Les animaux ont même des capacités dont les humains ne peuvent que rêver : les pigeons voyageurs savent rentrer chez eux grâce à une boussole interne encore mal comprise, les fourmis du Sahara ont un système de podomètre pour compter leurs pas… Alors que «si vous mettez un humain au milieu du Sahara, il sera complètement perdu en termes de mémorisation spatiale, compare Emmanuelle Pouydebat. Ça ne veut pas dire pour autant que les fourmis sont plus intelligentes que les humains… Mais tout est histoire de contexte.» Chacun trouve les solutions les plus adaptées à son environnement et quiconque tente de poser un regard global, scientifique et objectif sur le règne animal ne peut que constater qu'il existe autant d'intelligences que d'espèces, voire d'individus. Pourquoi devrait-on les classer sur une échelle verticale où l'homme occuperait d'office le dernier barreau ?

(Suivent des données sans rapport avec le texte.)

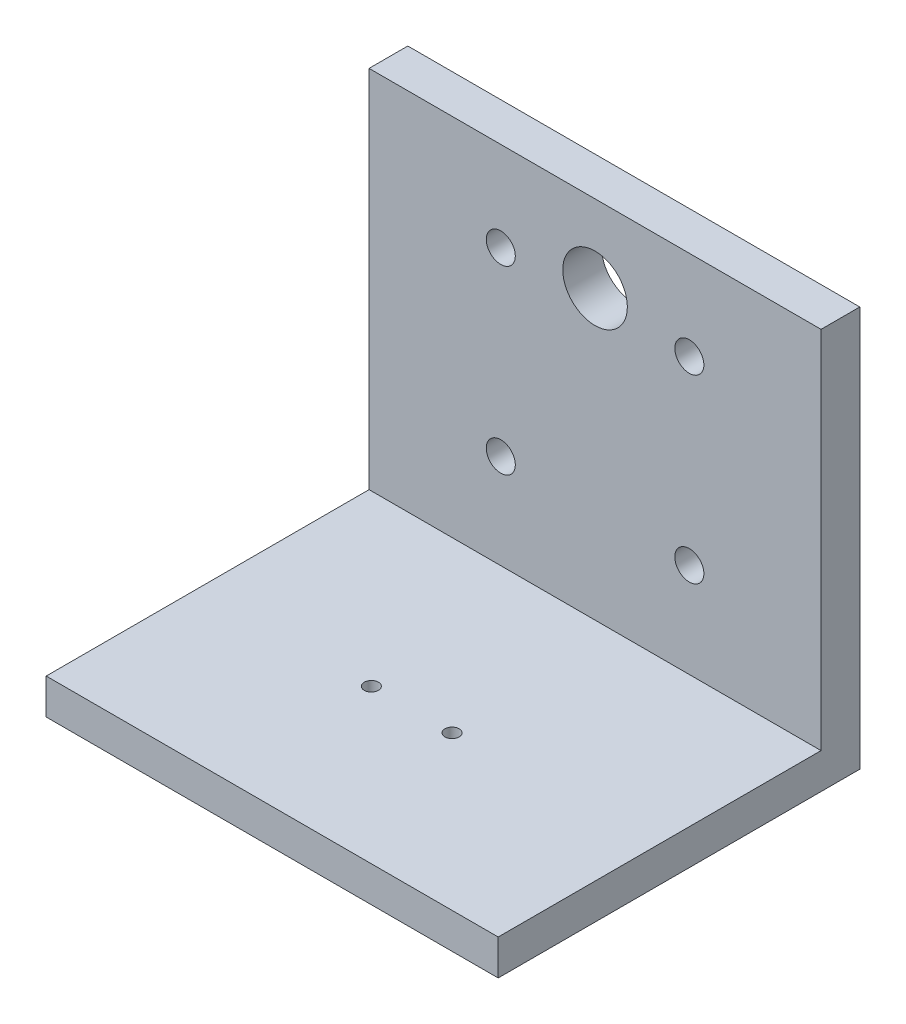
from build123d import *

# Parameters (mm, degrees)
ESQUISSE1_W             = 70
ESQUISSE1_H             = 62
ESQUISSE1_R             = 2.25
BOSS_EXTRU_3_DEPTH      = 6
ESQUISSE3_W             = 70
ESQUISSE3_H             = 5.5
BOSS_EXTRU_4_DEPTH      = 50
ESQUISSE4_R             = 1.1
ENL_V_MAT_EXTRU_1_DEPTH = 88.550819181
ESQUISSE5_R             = 5
ENL_V_MAT_EXTRU_2_DEPTH = 50


with BuildPart() as part:
    # Esquisse1 → Boss.-Extru.3 (new body)
    with BuildSketch(Plane.XY):
        with Locations((1.563587615, -10.397163121)):
            Rectangle(ESQUISSE1_W, ESQUISSE1_H)
        with Locations((-13.036412385, 6.752836879)):
            Circle(ESQUISSE1_R, mode=Mode.SUBTRACT)
        with Locations((16.163587615, 6.752836879)):
            Circle(ESQUISSE1_R, mode=Mode.SUBTRACT)
        with Locations((-13.036412385, -21.247163121)):
            Circle(ESQUISSE1_R, mode=Mode.SUBTRACT)
        with Locations((16.163587615, -21.247163121)):
            Circle(ESQUISSE1_R, mode=Mode.SUBTRACT)
    extrude(amount=BOSS_EXTRU_3_DEPTH)

    # Esquisse3 → Boss.-Extru.4 (add)
    with BuildSketch(Plane.XY.offset(6)):
        with Locations((1.563587615, -38.647163121)):
            Rectangle(ESQUISSE3_W, ESQUISSE3_H)
    extrude(amount=BOSS_EXTRU_4_DEPTH)

    # Esquisse4 → Enlèv. mat.-Extru.1 (cut, through all)
    with BuildSketch(Plane(origin=(0, -35.897163121, 0), x_dir=(1, 0, 0), z_dir=(0, 1, 0))):
        with Locations(Location((-6.886412385, -32.194360359, 0), (0, 0, 270))):
            Circle(ESQUISSE4_R)
        with Locations(Location((5.613587615, -32.194360359, 0), (0, 0, 270))):
            Circle(ESQUISSE4_R)
    extrude(amount=-ENL_V_MAT_EXTRU_1_DEPTH, mode=Mode.SUBTRACT)

    # Esquisse5 → Enlèv. mat.-Extru.2 (cut)
    with BuildSketch(Plane(origin=(0, 0, 0), x_dir=(-1, 0, 0), z_dir=(0, 0, -1))):
        with Locations((-1.563587615, 8.602836879)):
            Circle(ESQUISSE5_R)
    extrude(amount=-ENL_V_MAT_EXTRU_2_DEPTH, mode=Mode.SUBTRACT)


solid = part.part
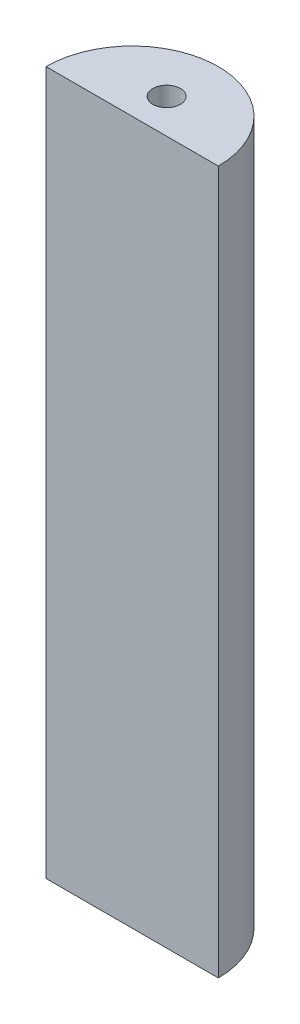
from build123d import *

# Parameters (mm, degrees)
IZIM2_R                     = 1
Y_KSEKLIK_EKSTR_ZYON1_DEPTH = 51


with BuildPart() as part:
    # Çizim2 → Yükseklik-Ekstrüzyon1 (new body)
    with BuildSketch(Plane(origin=(0, 0, 0), x_dir=(1, 0, 0), z_dir=(0, 1, 0))):
        with BuildLine():
            Line((-6.25, 0), (6.25, 0))
            ThreePointArc((6.25, 0), (0, 6.25), (-6.25, 0))
        make_face()
        with Locations(Location((0, 2.5, 0), (0, 0, 270))):
            Circle(IZIM2_R, mode=Mode.SUBTRACT)
    extrude(amount=Y_KSEKLIK_EKSTR_ZYON1_DEPTH)


solid = part.part

«Hiérarchiser une telle diversité relève de l'impossible, ou d'une volonté consciente ou non de placer à tout prix les humains au sommet», écrit la biologiste. Homo sapiens, qui a imposé progressivement sa domination depuis les 3 millions d'années qu'il occupe la planète Terre, alors que d'autres espèces par ici sont deux cent fois plus vieilles, peut puiser dans la science une leçon d'humilité.
(1) L’Intelligence animale, cervelle d’oiseaux et mémoire d’éléphants, éditions Odile Jacob, 2017.